「最近は5月病ではなくて6月病になって会社を辞める人が多い」なんて言われるようになって数年が経ちました。今日もどこかで「辞めたいです」と言っている若手社員、言われている管理職がいるかもしれません。

 

「辞めたい」とか「今後の相談したい」と言われたとき、どんな対応をする方が多いでしょうか?私がセミナーなどで部下からの「辞めたい」という相談にどう対応するのかというケーススタディをすると、圧倒的に多い回答が「とりあえず飲みに連れていく」です。さらに、飲みに行った場面でどんな風に部下と接するのかを寸劇風にやってもらうこともあります。接し方は人それぞれですが、よく出てくる言葉が「石の上にも3年って言うしね」というセリフ。私の記憶が確かなら、ケーススタディをやってもらい、飲みに連れていく→「石の上にも3年」のコンボが一度も出なかったセミナーは過去にありません。

 

厚生労働省は新卒入社の3年以内離職率を公表していますが、そもそもなぜ3年なんでしょうか?1年じゃダメなんですか?4年じゃダメなんですか?とも思います。

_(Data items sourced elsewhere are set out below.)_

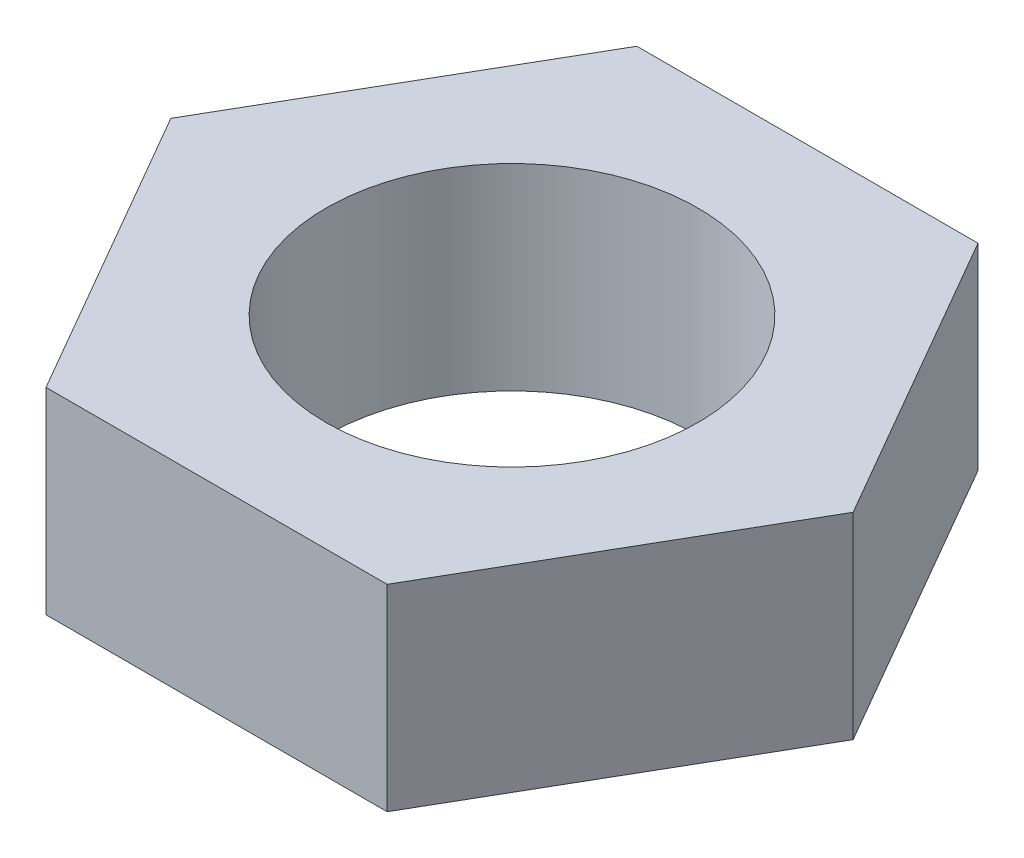
from build123d import *

# Parameters (mm, degrees)
SKETCH1_R           = 1.4986
BOSS_EXTRUDE1_DEPTH = 1.5875


with BuildPart() as part:
    # Sketch1 → Boss-Extrude1 (new body)
    with BuildSketch(Plane(origin=(0, 0, 0), x_dir=(1, 0, 0), z_dir=(0, 1, 0))):
        Polygon((1.374815329, 2.38125), (-1.374815329, 2.38125), (-2.749630657, 0), (-1.374815329, -2.38125), (1.374815329, -2.38125), (2.749630657, 0), align=None)
        Circle(SKETCH1_R, mode=Mode.SUBTRACT)
    extrude(amount=BOSS_EXTRUDE1_DEPTH)


solid = part.part
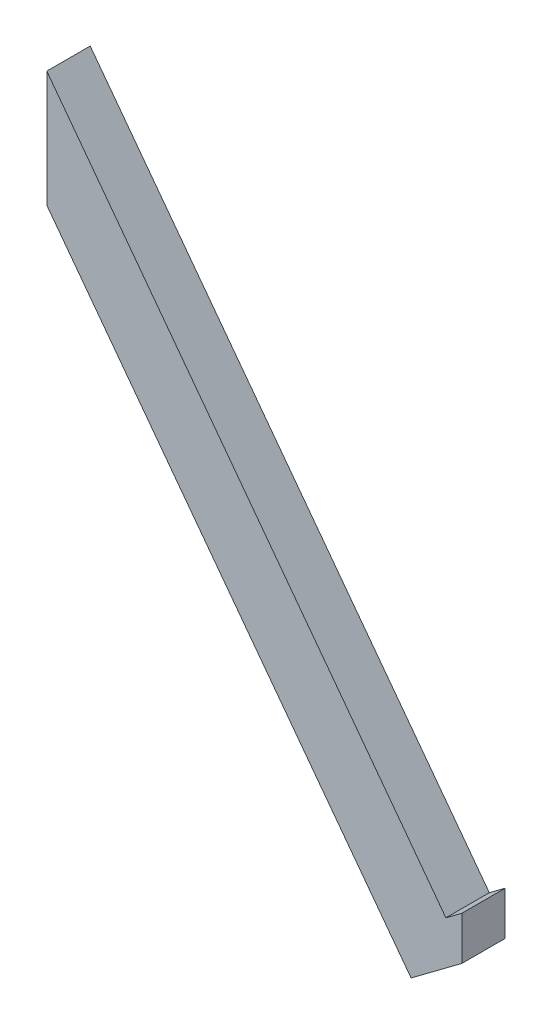
from build123d import *

# Parameters (mm, degrees)
SALIENTE_EXTRUIR1_DEPTH = 5


with BuildPart() as part:
    # Croquis1 → Saliente-Extruir1 (new body)
    with BuildSketch(Plane.XY):
        Polygon((-48.451057668, 38.396793067), (-2.523567422, -23.017874122), (-0.693903445, -21.649603669), (-0.693903445, -26.656094086), (-6.529092756, -31.019800875), (-48.451057668, 25.038640576), align=None)
    extrude(amount=SALIENTE_EXTRUIR1_DEPTH)


solid = part.part

大卒新卒者の場合は3年後には25歳と区切りが良いというのはありますが、それなら高卒は2年で成人するわけですし、統計を取り出した当初は高卒の大学進学率は50%以下だったはずで、大卒を中心に考えたというのも無理がある気がします。結局、3年以内離職率にしているのは「なんとなく3年」でしかないと思うのです。

むしろ「石の上にも3年」というから、とりあえず3年以内の離職者を取ってみようというくらいの感覚ではないかとすら思えてきます。


日本人の心に刻まれている(?)「石の上にも3年」ですが、退職を考えている若者に向ける言葉として適切だとは思えません。少なくとも、私が多くの方にインタビューをしてきて「石の上にも3年」と言われたから思いとどまったという人はいません。「とりあえず3年くらいはやろう」と決めて、3年ぴったりで退職するケースはいくつか見られましたが。

 

むしろ、3年以内で辞める人の中には「3年すら続けられなかった」という負い目を感じている人も少なくありません。私自身もそうです。「石の上にも3年」なんて言葉は知らない人の方が少ないくらいで、その言葉をかけられたから「もう少し頑張ろう」となる人は少数です。ほとんどの場合は「3年くらいはやった方がいいとわかっているけど、無理」と思っているの
です。だとすれば「無理」と思っている原因を聞いてあげることの方が大切です。

 

原因がすぐに解決できるものなら、解決すればいいだけです。

また、若手社員であるが故に、問題のないところに勝手に問題があると思ってしまっているケースや、事実をとらえ違えているケースもあります。転職エージェントや広告に煽られて、他の会社に行けばバラ色の人生が待っていると勘違いしている場合などです。そういうときは「そんな事実はない」ということを理解してもらうことも大切です。

 

管理職のみなさまには、相談を受けたときに「石の上にも3年」以外のバリエーションを増やしておくことをおすすめします。